We do have testing for the current API, but it is more complicated integration testing rather than unit-testing.
Additionally, as mentioned by Chad Myers, this is question addresses a similar problem that the .NET framework itself faces in some areas.
I realize that I'm probably looking for a "silver bullet" here that doesn't exist, but all help is appreciated. The important part is protecting the huge time investments by many third party developers as well as the huge existing development to create the current API.
All answers, especially those that consider the business side of the problem, will be carefully reviewed. Thanks!
If you lower the complexity of your code, the code will not only get more testable but also become cleaner, more readable, and easier to maintain.
This works by placing an abstraction (interface or abstract class) in between the dependency you want to import and the source class. The source class imports the abstraction, and remains testable because we can pass in anything that has adhered to the contract of the abstraction, even if it's a mock object.
Testability. Testing code means subjecting it to controlled input to verify it produces the expected outputs, and exhibits the expected behavior. There are lots of ways to test code; we're going to focus on integration testing and unit testing.
What you're really asking is, "How do I design my API with SOLID and similar principles in mind so my API plays well with others?" It's not just about testability. If your customers are having problems testing their code with yours, then they're also having problems WRITING/USING their code with yours, so this is a bigger problem than just testability.
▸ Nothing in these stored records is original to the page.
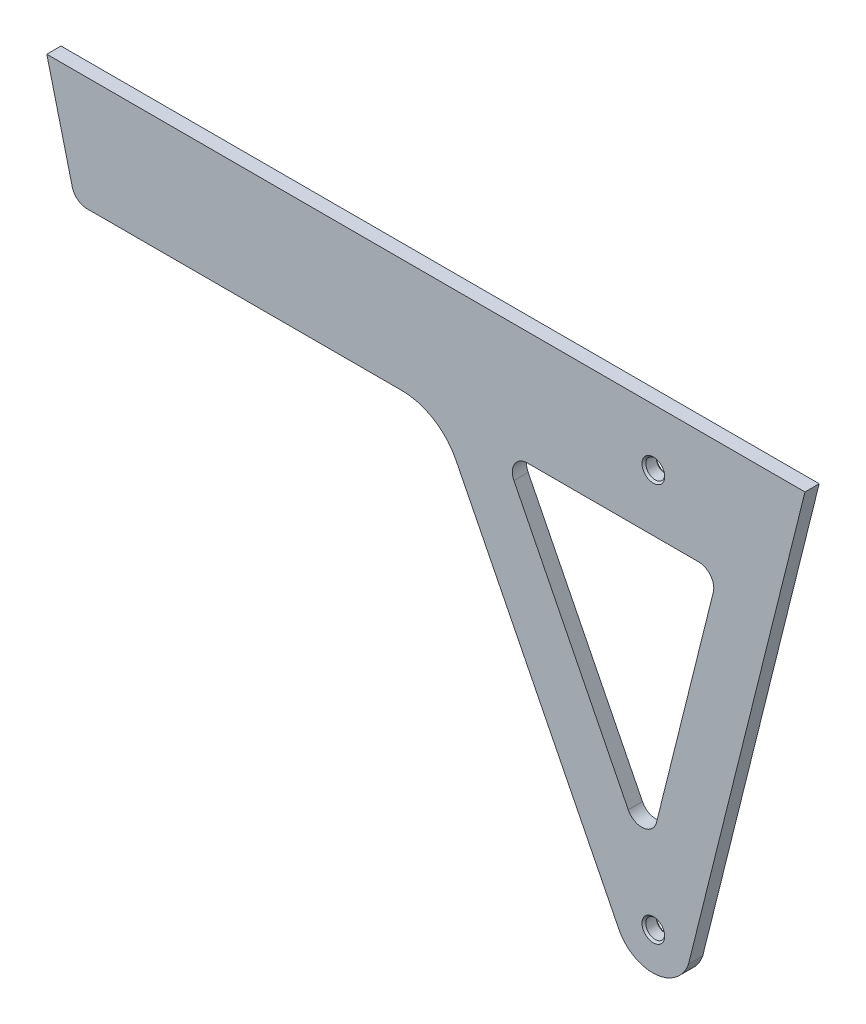
ISO-10303-21;
HEADER;
FILE_DESCRIPTION(('STEP AP214'),'2;1');
FILE_NAME('part.step','',(''),(''),'','','');
FILE_SCHEMA(('AUTOMOTIVE_DESIGN { 1 0 10303 214 1 1 1 1 }'));
ENDSEC;
DATA;
#1=APPLICATION_CONTEXT('core data for automotive mechanical design processes');
#2=APPLICATION_PROTOCOL_DEFINITION('international standard','automotive_design',2000,#1);
#3=PRODUCT_CONTEXT('',#1,'mechanical');
#4=PRODUCT('Part','Part','',(#3));
#5=PRODUCT_RELATED_PRODUCT_CATEGORY('part','',(#4));
#6=PRODUCT_DEFINITION_FORMATION('','',#4);
#7=PRODUCT_DEFINITION_CONTEXT('part definition',#1,'design');
#8=PRODUCT_DEFINITION('design','',#6,#7);
#9=PRODUCT_DEFINITION_SHAPE('','',#8);
#10=(LENGTH_UNIT() NAMED_UNIT(*) SI_UNIT(.MILLI.,.METRE.));
#11=(NAMED_UNIT(*) PLANE_ANGLE_UNIT() SI_UNIT($,.RADIAN.));
#12=(NAMED_UNIT(*) SI_UNIT($,.STERADIAN.) SOLID_ANGLE_UNIT());
#13=UNCERTAINTY_MEASURE_WITH_UNIT(LENGTH_MEASURE(1.E-05),#10,'distance_accuracy_value','');
#14=(GEOMETRIC_REPRESENTATION_CONTEXT(3) GLOBAL_UNCERTAINTY_ASSIGNED_CONTEXT((#13)) GLOBAL_UNIT_ASSIGNED_CONTEXT((#10,
#11,#12)) REPRESENTATION_CONTEXT('',''));
#15=CARTESIAN_POINT('',(0.,0.,0.));
#16=DIRECTION('',(0.,0.,1.));
#17=DIRECTION('',(1.,0.,0.));
#18=AXIS2_PLACEMENT_3D('',#15,#16,#17);
#19=CARTESIAN_POINT('',(118.956511571512,-58.4199804180646,4.7625));
#20=DIRECTION('',(0.,0.,1.));
#21=DIRECTION('',(1.,0.,0.));
#22=AXIS2_PLACEMENT_3D('',#19,#20,#21);
#23=PLANE('',#22);
#24=CARTESIAN_POINT('',(203.2,-19.05,4.7625));
#25=DIRECTION('',(0.,0.,1.));
#26=DIRECTION('',(1.,0.,0.));
#27=AXIS2_PLACEMENT_3D('',#24,#25,#26);
#28=CIRCLE('',#27,3.81000000000012);
#29=CARTESIAN_POINT('',(207.01,-19.05,4.7625));
#30=VERTEX_POINT('',#29);
#31=EDGE_CURVE('E257',#30,#30,#28,.F.);
#32=ORIENTED_EDGE('',*,*,#31,.T.);
#33=EDGE_LOOP('',(#32));
#34=FACE_BOUND('',#33,.T.);
#35=CARTESIAN_POINT('',(203.2,-152.4,4.7625));
#36=DIRECTION('',(0.,0.,1.));
#37=DIRECTION('',(1.,0.,0.));
#38=AXIS2_PLACEMENT_3D('',#35,#36,#37);
#39=CIRCLE('',#38,3.81000000000012);
#40=CARTESIAN_POINT('',(207.01,-152.4,4.7625));
#41=VERTEX_POINT('',#40);
#42=EDGE_CURVE('E251',#41,#41,#39,.F.);
#43=ORIENTED_EDGE('',*,*,#42,.T.);
#44=EDGE_LOOP('',(#43));
#45=FACE_BOUND('',#44,.T.);
#46=CARTESIAN_POINT('',(118.956511571512,-58.4199804180646,4.7625));
#47=DIRECTION('',(0.,0.,1.));
#48=DIRECTION('',(1.,0.,0.));
#49=AXIS2_PLACEMENT_3D('',#46,#47,#48);
#50=CIRCLE('',#49,20.32);
#51=CARTESIAN_POINT('',(137.120577334866,-49.3112420342629,4.7625));
#52=VERTEX_POINT('',#51);
#53=CARTESIAN_POINT('',(118.984721666729,-38.1,4.7625));
#54=VERTEX_POINT('',#53);
#55=EDGE_CURVE('E190',#52,#54,#50,.T.);
#56=ORIENTED_EDGE('',*,*,#55,.F.);
#57=DIRECTION('',(0.448264684242211,-0.893900874180818,0.));
#58=VECTOR('',#57,1.);
#59=CARTESIAN_POINT('',(137.120577334866,-49.3112420342629,4.7625));
#60=LINE('',#59,#58);
#61=CARTESIAN_POINT('',(191.635932138626,-158.022289387322,4.7625));
#62=VERTEX_POINT('',#61);
#63=EDGE_CURVE('E208',#52,#62,#60,.T.);
#64=ORIENTED_EDGE('',*,*,#63,.T.);
#65=CARTESIAN_POINT('',(202.988473240723,-152.329327897446,4.7625));
#66=DIRECTION('',(0.,0.,1.));
#67=DIRECTION('',(1.,0.,0.));
#68=AXIS2_PLACEMENT_3D('',#65,#66,#67);
#69=CIRCLE('',#68,12.7);
#70=CARTESIAN_POINT('',(214.970337379944,-156.539426678856,4.7625));
#71=VERTEX_POINT('',#70);
#72=EDGE_CURVE('E206',#62,#71,#69,.T.);
#73=ORIENTED_EDGE('',*,*,#72,.T.);
#74=DIRECTION('',(-0.241921895599668,-0.970295726275996,0.));
#75=VECTOR('',#74,1.);
#76=CARTESIAN_POINT('',(254.,0.,4.7625));
#77=LINE('',#76,#75);
#78=CARTESIAN_POINT('',(254.,0.,4.7625));
#79=VERTEX_POINT('',#78);
#80=EDGE_CURVE('E203',#79,#71,#77,.T.);
#81=ORIENTED_EDGE('',*,*,#80,.F.);
#82=DIRECTION('',(1.,0.,0.));
#83=VECTOR('',#82,1.);
#84=CARTESIAN_POINT('',(0.,0.,4.7625));
#85=LINE('',#84,#83);
#86=CARTESIAN_POINT('',(0.,0.,4.7625));
#87=VERTEX_POINT('',#86);
#88=EDGE_CURVE('E200',#87,#79,#85,.T.);
#89=ORIENTED_EDGE('',*,*,#88,.F.);
#90=DIRECTION('',(0.241921895599669,-0.970295726275996,0.));
#91=VECTOR('',#90,1.);
#92=CARTESIAN_POINT('',(0.,0.,4.7625));
#93=LINE('',#92,#91);
#94=CARTESIAN_POINT('',(8.53922560149728,-34.2489632296463,4.7625));
#95=VERTEX_POINT('',#94);
#96=EDGE_CURVE('E198',#87,#95,#93,.T.);
#97=ORIENTED_EDGE('',*,*,#96,.T.);
#98=CARTESIAN_POINT('',(13.4683278909793,-33.02,4.7625));
#99=DIRECTION('',(0.,0.,1.));
#100=DIRECTION('',(1.,0.,0.));
#101=AXIS2_PLACEMENT_3D('',#98,#99,#100);
#102=CIRCLE('',#101,5.08);
#103=CARTESIAN_POINT('',(13.4683278909794,-38.1,4.7625));
#104=VERTEX_POINT('',#103);
#105=EDGE_CURVE('E196',#95,#104,#102,.T.);
#106=ORIENTED_EDGE('',*,*,#105,.T.);
#107=DIRECTION('',(1.,0.,0.));
#108=VECTOR('',#107,1.);
#109=CARTESIAN_POINT('',(13.4683278909794,-38.1,4.7625));
#110=LINE('',#109,#108);
#111=EDGE_CURVE('E193',#104,#54,#110,.T.);
#112=ORIENTED_EDGE('',*,*,#111,.T.);
#113=EDGE_LOOP('',(#56,#64,#73,#81,#89,#97,#106,#112));
#114=FACE_BOUND('',#113,.T.);
#115=DIRECTION('',(-0.241921895599668,-0.970295726275996,0.));
#116=VECTOR('',#115,1.);
#117=CARTESIAN_POINT('',(223.2944122505,-44.4089632296464,4.7625));
#118=LINE('',#117,#116);
#119=CARTESIAN_POINT('',(223.2944122505,-44.4089632296464,4.7625));
#120=VERTEX_POINT('',#119);
#121=CARTESIAN_POINT('',(204.257595644947,-120.761464306418,4.7625));
#122=VERTEX_POINT('',#121);
#123=EDGE_CURVE('E146',#120,#122,#118,.T.);
#124=ORIENTED_EDGE('',*,*,#123,.T.);
#125=CARTESIAN_POINT('',(199.328493355465,-119.532501076772,4.7625));
#126=DIRECTION('',(0.,0.,-1.));
#127=DIRECTION('',(-1.,0.,0.));
#128=AXIS2_PLACEMENT_3D('',#125,#126,#127);
#129=CIRCLE('',#128,5.08);
#130=CARTESIAN_POINT('',(194.787476914626,-121.809685672722,4.7625));
#131=VERTEX_POINT('',#130);
#132=EDGE_CURVE('E50',#122,#131,#129,.T.);
#133=ORIENTED_EDGE('',*,*,#132,.T.);
#134=DIRECTION('',(-0.44826468424221,0.893900874180818,0.));
#135=VECTOR('',#134,1.);
#136=CARTESIAN_POINT('',(194.787476914626,-121.809685672722,4.7625));
#137=LINE('',#136,#135);
#138=CARTESIAN_POINT('',(156.498970017654,-45.4571845959505,4.7625));
#139=VERTEX_POINT('',#138);
#140=EDGE_CURVE('E152',#131,#139,#137,.T.);
#141=ORIENTED_EDGE('',*,*,#140,.T.);
#142=CARTESIAN_POINT('',(161.039986458493,-43.18,4.7625));
#143=DIRECTION('',(0.,0.,1.));
#144=DIRECTION('',(1.,0.,0.));
#145=AXIS2_PLACEMENT_3D('',#142,#143,#144);
#146=CIRCLE('',#145,5.08);
#147=CARTESIAN_POINT('',(161.039986458493,-38.1,4.7625));
#148=VERTEX_POINT('',#147);
#149=EDGE_CURVE('E171',#148,#139,#146,.T.);
#150=ORIENTED_EDGE('',*,*,#149,.F.);
#151=DIRECTION('',(1.,0.,0.));
#152=VECTOR('',#151,1.);
#153=CARTESIAN_POINT('',(161.039986458493,-38.1,4.7625));
#154=LINE('',#153,#152);
#155=CARTESIAN_POINT('',(218.365309961018,-38.1,4.7625));
#156=VERTEX_POINT('',#155);
#157=EDGE_CURVE('E174',#148,#156,#154,.T.);
#158=ORIENTED_EDGE('',*,*,#157,.T.);
#159=CARTESIAN_POINT('',(218.365309961018,-43.18,4.7625));
#160=DIRECTION('',(0.,0.,1.));
#161=DIRECTION('',(1.,0.,0.));
#162=AXIS2_PLACEMENT_3D('',#159,#160,#161);
#163=CIRCLE('',#162,5.08);
#164=EDGE_CURVE('E177',#120,#156,#163,.T.);
#165=ORIENTED_EDGE('',*,*,#164,.F.);
#166=EDGE_LOOP('',(#124,#133,#141,#150,#158,#165));
#167=FACE_BOUND('',#166,.T.);
#168=ADVANCED_FACE('F34',(#34,#45,#114,#167),#23,.T.);
#169=CARTESIAN_POINT('',(118.956511571512,-58.4199804180646,0.));
#170=DIRECTION('',(0.,0.,1.));
#171=DIRECTION('',(1.,0.,0.));
#172=AXIS2_PLACEMENT_3D('',#169,#170,#171);
#173=PLANE('',#172);
#174=CARTESIAN_POINT('',(203.2,-152.4,0.));
#175=DIRECTION('',(0.,0.,1.));
#176=DIRECTION('',(1.,0.,0.));
#177=AXIS2_PLACEMENT_3D('',#174,#175,#176);
#178=CIRCLE('',#177,3.80999999999976);
#179=CARTESIAN_POINT('',(207.01,-152.4,0.));
#180=VERTEX_POINT('',#179);
#181=EDGE_CURVE('E43',#180,#180,#178,.T.);
#182=ORIENTED_EDGE('',*,*,#181,.T.);
#183=EDGE_LOOP('',(#182));
#184=FACE_BOUND('',#183,.T.);
#185=CARTESIAN_POINT('',(203.2,-19.05,0.));
#186=DIRECTION('',(0.,0.,1.));
#187=DIRECTION('',(1.,0.,0.));
#188=AXIS2_PLACEMENT_3D('',#185,#186,#187);
#189=CIRCLE('',#188,3.80999999999984);
#190=CARTESIAN_POINT('',(207.01,-19.05,0.));
#191=VERTEX_POINT('',#190);
#192=EDGE_CURVE('E260',#191,#191,#189,.T.);
#193=ORIENTED_EDGE('',*,*,#192,.T.);
#194=EDGE_LOOP('',(#193));
#195=FACE_BOUND('',#194,.T.);
#196=CARTESIAN_POINT('',(118.956511571512,-58.4199804180646,0.));
#197=DIRECTION('',(0.,0.,1.));
#198=DIRECTION('',(1.,0.,0.));
#199=AXIS2_PLACEMENT_3D('',#196,#197,#198);
#200=CIRCLE('',#199,20.32);
#201=CARTESIAN_POINT('',(137.120577334866,-49.3112420342629,0.));
#202=VERTEX_POINT('',#201);
#203=CARTESIAN_POINT('',(118.984721666729,-38.1,0.));
#204=VERTEX_POINT('',#203);
#205=EDGE_CURVE('E153',#202,#204,#200,.T.);
#206=ORIENTED_EDGE('',*,*,#205,.T.);
#207=DIRECTION('',(1.,0.,0.));
#208=VECTOR('',#207,1.);
#209=CARTESIAN_POINT('',(13.4683278909794,-38.1,0.));
#210=LINE('',#209,#208);
#211=CARTESIAN_POINT('',(13.4683278909794,-38.1,0.));
#212=VERTEX_POINT('',#211);
#213=EDGE_CURVE('E213',#212,#204,#210,.T.);
#214=ORIENTED_EDGE('',*,*,#213,.F.);
#215=CARTESIAN_POINT('',(13.4683278909793,-33.02,0.));
#216=DIRECTION('',(0.,0.,1.));
#217=DIRECTION('',(1.,0.,0.));
#218=AXIS2_PLACEMENT_3D('',#215,#216,#217);
#219=CIRCLE('',#218,5.08);
#220=CARTESIAN_POINT('',(8.53922560149728,-34.2489632296463,0.));
#221=VERTEX_POINT('',#220);
#222=EDGE_CURVE('E216',#221,#212,#219,.T.);
#223=ORIENTED_EDGE('',*,*,#222,.F.);
#224=DIRECTION('',(0.241921895599669,-0.970295726275996,0.));
#225=VECTOR('',#224,1.);
#226=CARTESIAN_POINT('',(0.,0.,0.));
#227=LINE('',#226,#225);
#228=CARTESIAN_POINT('',(0.,0.,0.));
#229=VERTEX_POINT('',#228);
#230=EDGE_CURVE('E218',#229,#221,#227,.T.);
#231=ORIENTED_EDGE('',*,*,#230,.F.);
#232=DIRECTION('',(1.,0.,0.));
#233=VECTOR('',#232,1.);
#234=CARTESIAN_POINT('',(0.,0.,0.));
#235=LINE('',#234,#233);
#236=CARTESIAN_POINT('',(254.,0.,0.));
#237=VERTEX_POINT('',#236);
#238=EDGE_CURVE('E220',#229,#237,#235,.T.);
#239=ORIENTED_EDGE('',*,*,#238,.T.);
#240=DIRECTION('',(-0.241921895599668,-0.970295726275996,0.));
#241=VECTOR('',#240,1.);
#242=CARTESIAN_POINT('',(254.,0.,0.));
#243=LINE('',#242,#241);
#244=CARTESIAN_POINT('',(214.970337379944,-156.539426678856,0.));
#245=VERTEX_POINT('',#244);
#246=EDGE_CURVE('E223',#237,#245,#243,.T.);
#247=ORIENTED_EDGE('',*,*,#246,.T.);
#248=CARTESIAN_POINT('',(202.988473240723,-152.329327897446,0.));
#249=DIRECTION('',(0.,0.,1.));
#250=DIRECTION('',(1.,0.,0.));
#251=AXIS2_PLACEMENT_3D('',#248,#249,#250);
#252=CIRCLE('',#251,12.7);
#253=CARTESIAN_POINT('',(191.635932138626,-158.022289387322,0.));
#254=VERTEX_POINT('',#253);
#255=EDGE_CURVE('E226',#254,#245,#252,.T.);
#256=ORIENTED_EDGE('',*,*,#255,.F.);
#257=DIRECTION('',(0.448264684242211,-0.893900874180818,0.));
#258=VECTOR('',#257,1.);
#259=CARTESIAN_POINT('',(137.120577334866,-49.3112420342629,0.));
#260=LINE('',#259,#258);
#261=EDGE_CURVE('E194',#202,#254,#260,.T.);
#262=ORIENTED_EDGE('',*,*,#261,.F.);
#263=EDGE_LOOP('',(#206,#214,#223,#231,#239,#247,#256,#262));
#264=FACE_BOUND('',#263,.T.);
#265=CARTESIAN_POINT('',(199.328493355465,-119.532501076772,0.));
#266=DIRECTION('',(0.,0.,-1.));
#267=DIRECTION('',(-1.,0.,0.));
#268=AXIS2_PLACEMENT_3D('',#265,#266,#267);
#269=CIRCLE('',#268,5.08);
#270=CARTESIAN_POINT('',(204.257595644947,-120.761464306418,0.));
#271=VERTEX_POINT('',#270);
#272=CARTESIAN_POINT('',(194.787476914626,-121.809685672722,0.));
#273=VERTEX_POINT('',#272);
#274=EDGE_CURVE('E137',#271,#273,#269,.T.);
#275=ORIENTED_EDGE('',*,*,#274,.F.);
#276=DIRECTION('',(-0.241921895599668,-0.970295726275996,0.));
#277=VECTOR('',#276,1.);
#278=CARTESIAN_POINT('',(223.2944122505,-44.4089632296464,0.));
#279=LINE('',#278,#277);
#280=CARTESIAN_POINT('',(223.2944122505,-44.4089632296464,0.));
#281=VERTEX_POINT('',#280);
#282=EDGE_CURVE('E167',#281,#271,#279,.T.);
#283=ORIENTED_EDGE('',*,*,#282,.F.);
#284=CARTESIAN_POINT('',(218.365309961018,-43.18,0.));
#285=DIRECTION('',(0.,0.,1.));
#286=DIRECTION('',(1.,0.,0.));
#287=AXIS2_PLACEMENT_3D('',#284,#285,#286);
#288=CIRCLE('',#287,5.08);
#289=CARTESIAN_POINT('',(218.365309961018,-38.1,0.));
#290=VERTEX_POINT('',#289);
#291=EDGE_CURVE('E58',#281,#290,#288,.T.);
#292=ORIENTED_EDGE('',*,*,#291,.T.);
#293=DIRECTION('',(1.,0.,0.));
#294=VECTOR('',#293,1.);
#295=CARTESIAN_POINT('',(161.039986458493,-38.1,0.));
#296=LINE('',#295,#294);
#297=CARTESIAN_POINT('',(161.039986458493,-38.1,0.));
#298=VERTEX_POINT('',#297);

Simply extracting interfaces will not solve the problem because it's likely your existing class interfaces (what the concrete classes expose as their methods/properties) aren't design with Interface Segregation Principle in mind, so the extracted interface would have all sorts of problems (some of which you mentioned in comment to a previous answer).
I like to call this the IHttpContext problem. ASP.NET, as you know, is very difficult to test around or with due to the "Magic Singleton Dependency" problem of HttpContext.Current. HttpContext is not mockable without fancy tricks like what TypeMock uses. Simply extracting an interface of HttpContext is not going to help that much because it's SO huge. Eventually, even IHttpContext would become a burden to test with so much so that it's almost not worth doing any more than trying to mock HttpContext itself.
Identifying object responsibilities, slicing up interfaces and interactions appropriately, and designing with Open/Closed Principle in mind is not something you and try to force/cram into an existing API designed without these principles in mind.
I hate to leave you with such a grim answer, so I'll give you one positive suggest: How's about YOU take all the grief on behalf of your customers and make some sort of service/facade layer over top of your old API. This service layer will have to deal with the minutiae and pain of your API, but will present a nice, clean, SOLID-friendly public API that your customers can use with much less friction.
This also has the added benefit of allowing you to slowly replace parts of your API and eventually make it so your new API isn't just a facade, it IS the API (and the old API is phased out).